Funding the accounts has become easier with new rules allowing roll-overs
from flexible spending accounts (FSAs) and health reimbursement accounts (HSAs).
Also there is an option for a “once-in-a-lifetime” rollover of funds from an
IRA to an HSA.
And Stricter Rules for Cash Contributions!!
Beginning January 1, you will need a receipt for all cash donations under
$250 or you’ll receive no deduction.
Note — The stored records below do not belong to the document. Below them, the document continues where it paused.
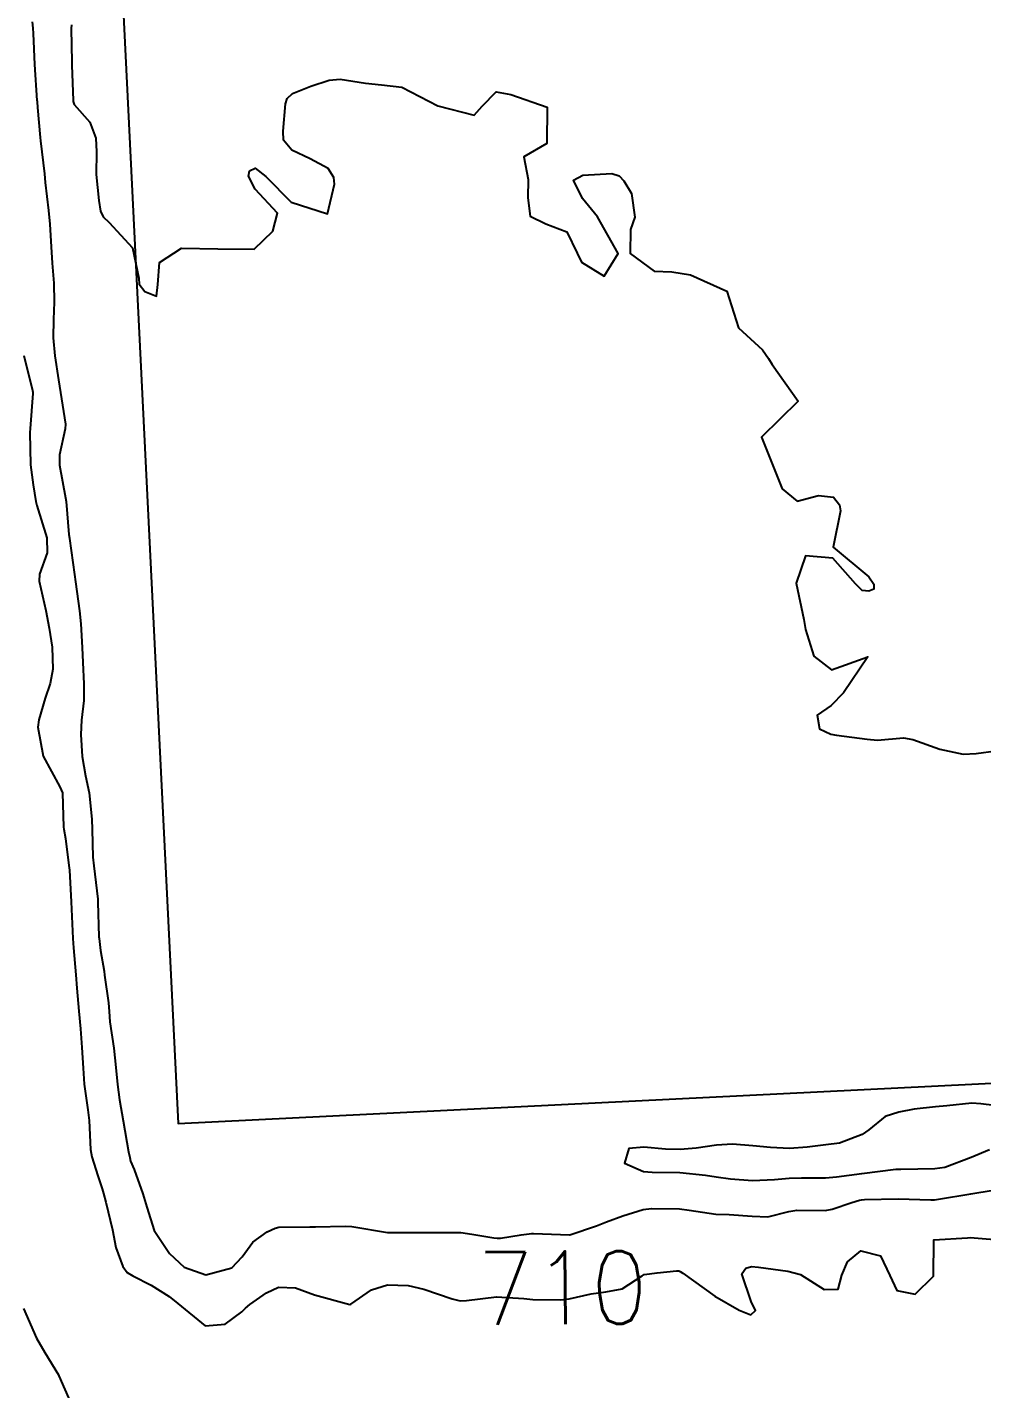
# Model space of a CAD drawing. Header units: metres. Extents: x 298520 to 308411, y 7433745 to 7450750.
# Drawn here: x 301806.4 to 301858.9, y 7442204.7 to 7442279.6 of the extents above; entities that cross this region are included whole.
import ezdxf
from ezdxf.enums import TextEntityAlignment as Align

# ---------------------------------------------------------------- set-up
doc = ezdxf.new("R2010")
doc.units = ezdxf.units.M
doc.header["$LTSCALE"] = 10
doc.linetypes.add('DASHED', pattern=[0.75, 0.5, -0.25])
for name, color, linetype in [('Area Verde e Lazer', 94, 'Continuous'), ('Cotas', 45, 'Continuous'), ('Curvas de Nivel 1m', 11, 'Continuous'), ('Curvas de Nivel 5m', 15, 'Continuous'), ('Vias Secundárias', 230, 'DASHED')]:
    doc.layers.add(name, color=color, linetype=linetype)
doc.styles.add('Style-STANDARD', font='STANDARD.shx')

msp = doc.modelspace()

# ---------------------------------------------------------------- linework, layer by layer
at = {"layer": 'Area Verde e Lazer'}
msp.add_lwpolyline([(301809.725, 7442319.965), (301814.699, 7442219.302), (301877.17, 7442222.389), (301872.196, 7442323.051)], close=True, dxfattribs=at)
at = {"layer": 'Curvas de Nivel 1m', "flags": 128}
for points, elevation in [([(301806.675, 7442279.858), (301806.709, 7442279.505), (301806.725, 7442279.209), (301806.802, 7442277.503), (301806.935, 7442275.539), (301806.94, 7442275.5), (301806.938, 7442275.466), (301806.969, 7442275.139), (301807.114, 7442273.498), (301807.136, 7442273.313), (301807.34, 7442271.496), (301807.394, 7442271.028), (301807.577, 7442269.493), (301807.646, 7442268.742), (301807.711, 7442267.492), (301807.773, 7442266.592), (301807.865, 7442265.49), (301807.888, 7442264.449), (301807.836, 7442263.49), (301807.826, 7442262.487), (301807.918, 7442261.489), (301808.112, 7442260.168), (301808.227, 7442259.486), (301808.5, 7442257.748), (301808.493, 7442257.483), (301808.173, 7442256.061), (301808.174, 7442255.486), (301808.506, 7442253.693), (301808.538, 7442253.482), (301808.695, 7442251.676), (301808.718, 7442251.48), (301808.718, 7442251.455), (301808.999, 7442249.477), (301809.054, 7442249.081), (301809.276, 7442247.474), (301809.349, 7442246.76), (301809.417, 7442245.472), (301809.45, 7442244.632), (301809.515, 7442243.471), (301809.508, 7442242.547), (301809.383, 7442241.472), (301809.347, 7442240.686), (301809.417, 7442239.471), (301809.596, 7442238.406), (301809.797, 7442237.467), (301809.953, 7442236.021), (301809.964, 7442235.465), (301810.011, 7442233.933), (301810.052, 7442233.464), (301810.276, 7442231.64), (301810.289, 7442231.462), (301810.341, 7442229.553), (301810.349, 7442229.461), (301810.423, 7442228.808), (301810.621, 7442227.673), (301810.653, 7442227.456), (301810.859, 7442225.925), (301810.898, 7442225.452), (301810.946, 7442224.88), (301811.153, 7442223.448), (301811.274, 7442222.378), (301811.364, 7442221.445), (301811.474, 7442220.593), (301811.664, 7442219.44), (301811.973, 7442217.749), (301812.034, 7442217.434), (301812.085, 7442217.237), (301812.276, 7442216.765), (301812.763, 7442215.425), (301812.977, 7442214.697), (301813.384, 7442213.418), (301814.22, 7442212.146), (301815.02, 7442211.402), (301816.209, 7442210.976), (301817.649, 7442211.368), (301818.219, 7442211.973), (301818.802, 7442212.779), (301819.581, 7442213.347), (301820.025, 7442213.553), (301820.237, 7442213.598), (301821.94, 7442213.611), (301822.237, 7442213.615), (301823.871, 7442213.662), (301824.238, 7442213.635), (301826.2, 7442213.303), (301826.233, 7442213.302), (301828.17, 7442213.304), (301828.234, 7442213.303), (301830.144, 7442213.312), (301830.234, 7442213.306), (301830.84, 7442213.211), (301832.054, 7442213.016), (301832.231, 7442212.999), (301832.413, 7442213.006), (301833.545, 7442213.177), (301834.143, 7442213.262), (301834.234, 7442213.262), (301836.211, 7442213.172), (301836.233, 7442213.175), (301837.686, 7442213.683), (301838.244, 7442213.887), (301839.138, 7442214.223), (301840.255, 7442214.565), (301840.723, 7442214.628), (301842.256, 7442214.613), (301842.787, 7442214.54), (301844.252, 7442214.324), (301844.992, 7442214.302), (301846.251, 7442214.204), (301847.105, 7442214.162), (301848.255, 7442214.459), (301848.707, 7442214.544), (301850.256, 7442214.525), (301850.648, 7442214.586), (301851.735, 7442214.965), (301852.142, 7442215.083), (301852.264, 7442215.105), (301852.424, 7442215.117), (301854.265, 7442215.152), (301856.074, 7442215.103), (301856.265, 7442215.105), (301856.494, 7442215.136), (301858.269, 7442215.439), (301859.504, 7442215.634)], 709), ([(301808.826, 7442279.682), (301808.823, 7442279.482), (301808.847, 7442277.639), (301808.849, 7442277.482), (301808.929, 7442275.525), (301808.932, 7442275.48), (301808.971, 7442275.319), (301809.836, 7442274.341), (301810.163, 7442273.462), (301810.2, 7442272.716), (301810.198, 7442271.461), (301810.334, 7442270.036), (301810.434, 7442269.457), (301810.578, 7442269.133), (301810.897, 7442268.818), (301812.194, 7442267.437), (301812.542, 7442265.758), (301812.554, 7442265.433), (301812.857, 7442265.026), (301813.497, 7442264.78), (301813.582, 7442265.423), (301813.676, 7442266.621), (301814.883, 7442267.41), (301816.883, 7442267.382), (301818.883, 7442267.36), (301819.893, 7442268.35), (301820.155, 7442269.347), (301818.922, 7442270.662), (301818.558, 7442271.364), (301818.626, 7442271.673), (301818.937, 7442271.805), (301819.517, 7442271.354), (301820.912, 7442269.938), (301822.903, 7442269.31), (301823.294, 7442270.94), (301823.257, 7442271.307), (301822.938, 7442271.789), (301821.943, 7442272.325), (301820.948, 7442272.807), (301820.492, 7442273.345), (301820.463, 7442273.84), (301820.6, 7442275.344), (301820.687, 7442275.634), (301820.982, 7442275.922), (301821.988, 7442276.32), (301822.993, 7442276.645), (301823.602, 7442276.696), (301824.991, 7442276.491), (301825.865, 7442276.401), (301826.988, 7442276.264), (301828.973, 7442275.24), (301830.968, 7442274.718), (301831.406, 7442275.213), (301832.171, 7442276.016), (301832.983, 7442275.868), (301834.973, 7442275.17), (301834.953, 7442273.17), (301833.694, 7442272.434), (301833.933, 7442271.18), (301833.918, 7442270.18), (301834.037, 7442269.179), (301834.899, 7442268.744), (301836.058, 7442268.316), (301836.623, 7442267.144), (301836.875, 7442266.642), (301838.115, 7442265.877), (301838.883, 7442267.12), (301837.74, 7442269.132), (301836.918, 7442270.142), (301836.431, 7442271.148), (301836.936, 7442271.419), (301838.537, 7442271.524), (301838.936, 7442271.396), (301839.199, 7442271.117), (301839.623, 7442270.412), (301839.805, 7442269.111), (301839.563, 7442268.447), (301839.549, 7442267.113), (301840.869, 7442266.147), (301841.839, 7442266.114), (301842.866, 7442265.948), (301844.853, 7442265.05), (301845.5, 7442263.043), (301846.821, 7442261.817), (301847.149, 7442261.358), (301847.35, 7442261.022), (301848.783, 7442259), (301846.763, 7442257.03), (301847.568, 7442255.017), (301847.892, 7442254.18), (301848.718, 7442253.502), (301849.888, 7442253.822), (301850.72, 7442253.731), (301851.049, 7442253.308), (301851.107, 7442252.974), (301850.693, 7442250.98), (301852.669, 7442249.344), (301852.943, 7442248.947), (301852.943, 7442248.665), (301852.659, 7442248.563), (301852.299, 7442248.595), (301851.933, 7442248.961), (301850.684, 7442250.377), (301849.185, 7442250.495), (301848.663, 7442249), (301849.091, 7442246.996), (301849.179, 7442246.45), (301849.641, 7442244.99), (301850.605, 7442244.228), (301852.613, 7442244.95), (301851.26, 7442242.97), (301850.586, 7442242.278), (301849.83, 7442241.738), (301849.95, 7442240.986), (301850.569, 7442240.702), (301850.891, 7442240.652), (301852.565, 7442240.423), (301853.136, 7442240.373), (301854.566, 7442240.501), (301855.076, 7442240.414), (301856.557, 7442239.882), (301857.849, 7442239.595), (301858.554, 7442239.644), (301859.639, 7442239.787)], 708), ([(301860.323, 7442220.198), (301858.815, 7442220.386), (301858.326, 7442220.422), (301856.956, 7442220.268), (301856.323, 7442220.217), (301855.156, 7442220.086), (301854.318, 7442219.915), (301853.567, 7442219.688), (301852.658, 7442218.955), (301852.3, 7442218.697), (301851.046, 7442218.222), (301850.294, 7442218.126), (301849.279, 7442218.004), (301848.292, 7442217.933), (301847.254, 7442217.977), (301846.293, 7442218.072), (301845.171, 7442218.164), (301844.294, 7442218.112), (301843.165, 7442217.94), (301842.291, 7442217.875), (301841.49, 7442217.889), (301840.292, 7442217.997), (301839.475, 7442217.924), (301839.225, 7442217.111), (301840.279, 7442216.67), (301840.749, 7442216.625), (301842.278, 7442216.613), (301843.677, 7442216.459), (301844.276, 7442216.362), (301845.062, 7442216.256), (301846.274, 7442216.164), (301847.477, 7442216.214), (301848.276, 7442216.302), (301848.953, 7442216.316), (301850.276, 7442216.316), (301850.875, 7442216.376), (301852.279, 7442216.556), (301854.137, 7442216.788), (301854.282, 7442216.798), (301854.413, 7442216.797), (301856.282, 7442216.83), (301856.831, 7442216.902), (301858.289, 7442217.458), (301859.293, 7442217.87)], 708), ([(301806.187, 7442209.128), (301806.915, 7442207.499), (301807.367, 7442206.704), (301808.116, 7442205.48), (301808.142, 7442205.439), (301809, 7442203.471)], 711)]:
    msp.add_lwpolyline(points, dxfattribs=dict(at, elevation=elevation))
at = {"layer": 'Curvas de Nivel 5m', "elevation": 710, "flags": 128}
msp.add_lwpolyline([(301806.206, 7442261.509), (301806.689, 7442259.597), (301806.71, 7442259.501), (301806.71, 7442259.429), (301806.56, 7442257.503), (301806.543, 7442257.285), (301806.575, 7442255.503), (301806.726, 7442254.405), (301806.874, 7442253.498), (301806.935, 7442253.274), (301807.472, 7442251.492), (301807.5, 7442250.672), (301807.078, 7442249.496), (301807.049, 7442249.106), (301807.415, 7442247.492), (301807.598, 7442246.526), (301807.771, 7442245.489), (301807.816, 7442244.276), (301807.654, 7442243.489), (301807.388, 7442242.688), (301807.034, 7442241.495), (301806.979, 7442241.084), (301807.276, 7442239.493), (301808.195, 7442237.814), (301808.335, 7442237.482), (301808.395, 7442235.591), (301808.406, 7442235.481), (301808.495, 7442234.968), (301808.691, 7442233.478), (301808.715, 7442233.233), (301808.817, 7442231.476), (301808.835, 7442231.09), (301808.915, 7442229.475), (301808.951, 7442228.949), (301809.065, 7442227.473), (301809.126, 7442226.742), (301809.244, 7442225.471), (301809.327, 7442224.512), (301809.404, 7442223.469), (301809.468, 7442222.342), (301809.537, 7442221.468), (301809.728, 7442220.057), (301809.796, 7442219.465), (301809.881, 7442217.872), (301809.946, 7442217.463), (301810.273, 7442216.427), (301810.525, 7442215.716), (301810.598, 7442215.455), (301810.729, 7442214.98), (301811.082, 7442213.447), (301811.27, 7442212.491), (301811.646, 7442211.439), (301811.885, 7442211.11), (301812.208, 7442210.919), (301813.21, 7442210.413), (301814.197, 7442209.79), (301814.671, 7442209.405), (301816.175, 7442208.175), (301817.282, 7442208.268), (301818.187, 7442208.955), (301818.396, 7442209.152), (301818.636, 7442209.356), (301819.557, 7442209.989), (301820.203, 7442210.304), (301821.149, 7442210.272), (301822.199, 7442209.886), (301824.129, 7442209.355), (301824.194, 7442209.373), (301825.318, 7442210.163), (301826.205, 7442210.429), (301827.343, 7442210.392), (301828.202, 7442210.191), (301829.754, 7442209.667), (301830.196, 7442209.557), (301830.552, 7442209.57), (301832.199, 7442209.779), (301833.701, 7442209.672), (301834.197, 7442209.618), (301835.734, 7442209.61), (301836.191, 7442209.658), (301837.392, 7442209.935), (301838.197, 7442210.054), (301839.107, 7442210.203), (301840.21, 7442210.923), (301840.318, 7442210.992), (301841.025, 7442211.092), (301842.094, 7442211.201), (301842.214, 7442211.195), (301842.297, 7442211.162), (301842.428, 7442211.077), (301844.194, 7442209.804), (301845.533, 7442209.036), (301846.18, 7442208.778), (301846.433, 7442209.026), (301846.19, 7442209.52), (301845.688, 7442211.035), (301845.904, 7442211.345), (301846.217, 7442211.439), (301846.589, 7442211.396), (301848.215, 7442211.187), (301848.906, 7442210.993), (301850.201, 7442210.182), (301850.984, 7442210.189), (301851.175, 7442210.97), (301851.49, 7442211.698), (301852.226, 7442212.309), (301853.311, 7442212.031), (301853.809, 7442210.936), (301854.201, 7442210.128), (301855.207, 7442209.91), (301856.213, 7442210.91), (301856.233, 7442212.91), (301858.093, 7442213.024), (301858.235, 7442213.026), (301860.233, 7442212.86)], dxfattribs=at)
at = {"layer": 'Vias Secundárias'}
msp.add_lwpolyline([(301465.55, 7442973.319, 0), (301478.59, 7442967.28, -0.011668)], format="xyb", dxfattribs=at)

# ---------------------------------------------------------------- texts
at = {"layer": 'Cotas', "style": 'Style-STANDARD'}
msp.add_text('710', height=4, rotation=0.47157, dxfattribs=at).set_placement((301835.818, 7442210.263, 710), align=Align.MIDDLE_CENTER)

doc.saveas('drawing.dxf')

A cancelled check will do, as will a
written acknowledgment from the charity.
Time is running out for these tax saving opportunities
Hybrid car credit. This credit worth up to $3,400, replaced a tax
deduction for hybrid cars. This only applies to the first 60,000 hybrid cars
sold per manufacturer and will be reduced and phased-out after the quota has
been meet. Residential energy improvement credit. This is the last year to
get a tax credit of up to $500 for making your home more energy efficient.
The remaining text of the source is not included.